Thats like the only place I go for pretty much anything I need...They can get almost anything.

These lights are the ones that recon sells for $100....


----------



## WilliamOak (Feb 11, 2008)

02DURAMAX;916544 said:


> Thats like the only place I go for pretty much anything I need...They can get almost anything.
> 
> These lights are the ones that recon sells for $100....


What brand are yours then? I'll have to call Advantage monday to get a price. They look slick and any extra brake lights never hurt!


----------



## 02DURAMAX (Dec 27, 2006)

WilliamOak;916919 said:


> What brand are yours then? I'll have to call Advantage monday to get a price. They look slick and any extra brake lights never hurt!

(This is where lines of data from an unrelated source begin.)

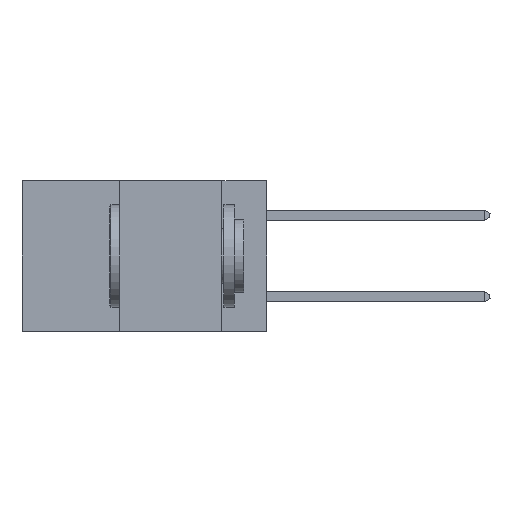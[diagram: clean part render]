
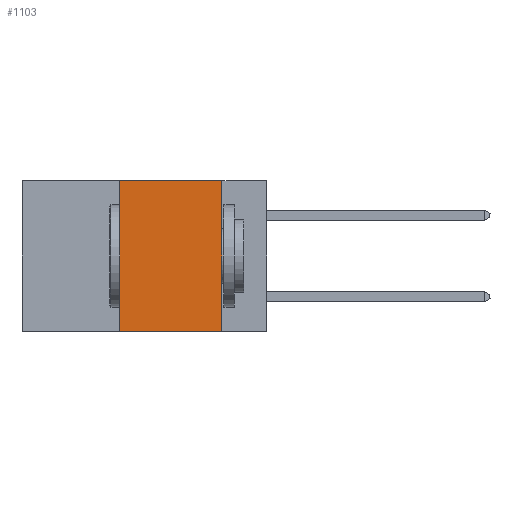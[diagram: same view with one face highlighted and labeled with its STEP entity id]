
A CAD part, left-side view. The second image highlights one B-rep face of the part: STEP entity #1103.
In plain terms, the highlighted planar face has unit normal (-1, 0, 0).
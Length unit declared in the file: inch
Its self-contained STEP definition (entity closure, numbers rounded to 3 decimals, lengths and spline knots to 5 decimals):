
#1103 = ADVANCED_FACE ( 'NONE', ( #19914 ), #2966, .F. ) ;
#2966 = PLANE ( 'NONE',  #46041 ) ;
#3336 = DIRECTION ( 'NONE',  ( 0., 0., 1. ) ) ;
#3962 = ORIENTED_EDGE ( 'NONE', *, *, #9180, .F. ) ;
#4082 = VECTOR ( 'NONE', #31790, 39.37008 ) ;
#6531 = DIRECTION ( 'NONE',  ( 0., -1., 0. ) ) ;
#9180 = EDGE_CURVE ( 'NONE', #23606, #14219, #21297, .T. ) ;
#9186 = LINE ( 'NONE', #31942, #4082 ) ;
#14107 = CARTESIAN_POINT ( 'NONE',  ( 0., 0.11, -0.37 ) ) ;
#14219 = VERTEX_POINT ( 'NONE', #23227 ) ;
#18095 = CARTESIAN_POINT ( 'NONE',  ( 0., 0.36, -0.37 ) ) ;
#19914 = FACE_OUTER_BOUND ( 'NONE', #24631, .T. ) ;
#20138 = LINE ( 'NONE', #29191, #25761 ) ;
#20452 = ORIENTED_EDGE ( 'NONE', *, *, #21120, .F. ) ;
#21120 = EDGE_CURVE ( 'NONE', #14219, #27841, #9186, .T. ) ;
#21297 = LINE ( 'NONE', #42088, #43386 ) ;
#21658 = VECTOR ( 'NONE', #6531, 39.37008 ) ;
#23227 = CARTESIAN_POINT ( 'NONE',  ( 0., 0.11, 0. ) ) ;
#23606 = VERTEX_POINT ( 'NONE', #39762 ) ;
#24631 = EDGE_LOOP ( 'NONE', ( #20452, #3962, #32884, #33128 ) ) ;
#25761 = VECTOR ( 'NONE', #3336, 39.37008 ) ;
#27841 = VERTEX_POINT ( 'NONE', #14107 ) ;
#28149 = CARTESIAN_POINT ( 'NONE',  ( 0., 0.6, -0.37 ) ) ;
#28211 = DIRECTION ( 'NONE',  ( 0., 0., -1. ) ) ;
#29191 = CARTESIAN_POINT ( 'NONE',  ( 0., 0.36, 0. ) ) ;
#31054 = DIRECTION ( 'NONE',  ( 1., 0., 0. ) ) ;
#31790 = DIRECTION ( 'NONE',  ( 0., 0., -1. ) ) ;
#31942 = CARTESIAN_POINT ( 'NONE',  ( 0., 0.11, 0. ) ) ;
#32884 = ORIENTED_EDGE ( 'NONE', *, *, #38435, .F. ) ;
#33128 = ORIENTED_EDGE ( 'NONE', *, *, #35350, .T. ) ;
#35350 = EDGE_CURVE ( 'NONE', #46258, #27841, #44836, .T. ) ;
#38435 = EDGE_CURVE ( 'NONE', #46258, #23606, #20138, .T. ) ;
#39762 = CARTESIAN_POINT ( 'NONE',  ( 0., 0.36, 0. ) ) ;
#42088 = CARTESIAN_POINT ( 'NONE',  ( 0., 0.6, 0. ) ) ;
#42378 = DIRECTION ( 'NONE',  ( 0., -1., 0. ) ) ;
#43386 = VECTOR ( 'NONE', #42378, 39.37008 ) ;
#44836 = LINE ( 'NONE', #28149, #21658 ) ;
#45622 = CARTESIAN_POINT ( 'NONE',  ( 0., 0.6, 0. ) ) ;
#46041 = AXIS2_PLACEMENT_3D ( 'NONE', #45622, #31054, #28211 ) ;
#46258 = VERTEX_POINT ( 'NONE', #18095 ) ;

Honestly, I dont even know but they are the ones that come Factory on most major brand trailers...do you want them just like mine Clear or with a Red Lense?


----------



## WilliamOak (Feb 11, 2008)

Clear for sure. I already have led's on the cab guard that have clear lenses so it'd be nice to match. They're wired with the turn signals too right?


----------



## 02DURAMAX (Dec 27, 2006)

WilliamOak;916960 said:


> Clear for sure. I already have led's on the cab guard that have clear lenses so it'd be nice to match. They're wired with the turn signals too right?


Yes, They are S/T/T both rack and spreader light bars.

Somethimes I feel like I blind the person behind me...

Check out my pic Thread I posted a few more pics you can see how they look at night. go to the last page.


----------



## WilliamOak (Feb 11, 2008)

02DURAMAX;916966 said:


> Yes, They are S/T/T both rack and spreader light bars.
> 
> Somethimes I feel like I blind the person behind me...
> 
> Check out my pic Thread I posted a few more pics you can see how they look at night. go to the last page.


Nice!

Isn't that the point?xysport

Yea I saw that and really like them thats what eventually brought me to this thread lol.

What did the 2 on the backrack run you then?


----------



## 02DURAMAX (Dec 27, 2006)

WilliamOak;916981 said:


> Nice!
> 
> Isn't that the point?xysport
> 
> ...


I think both cost like $100..well worth the money!


----------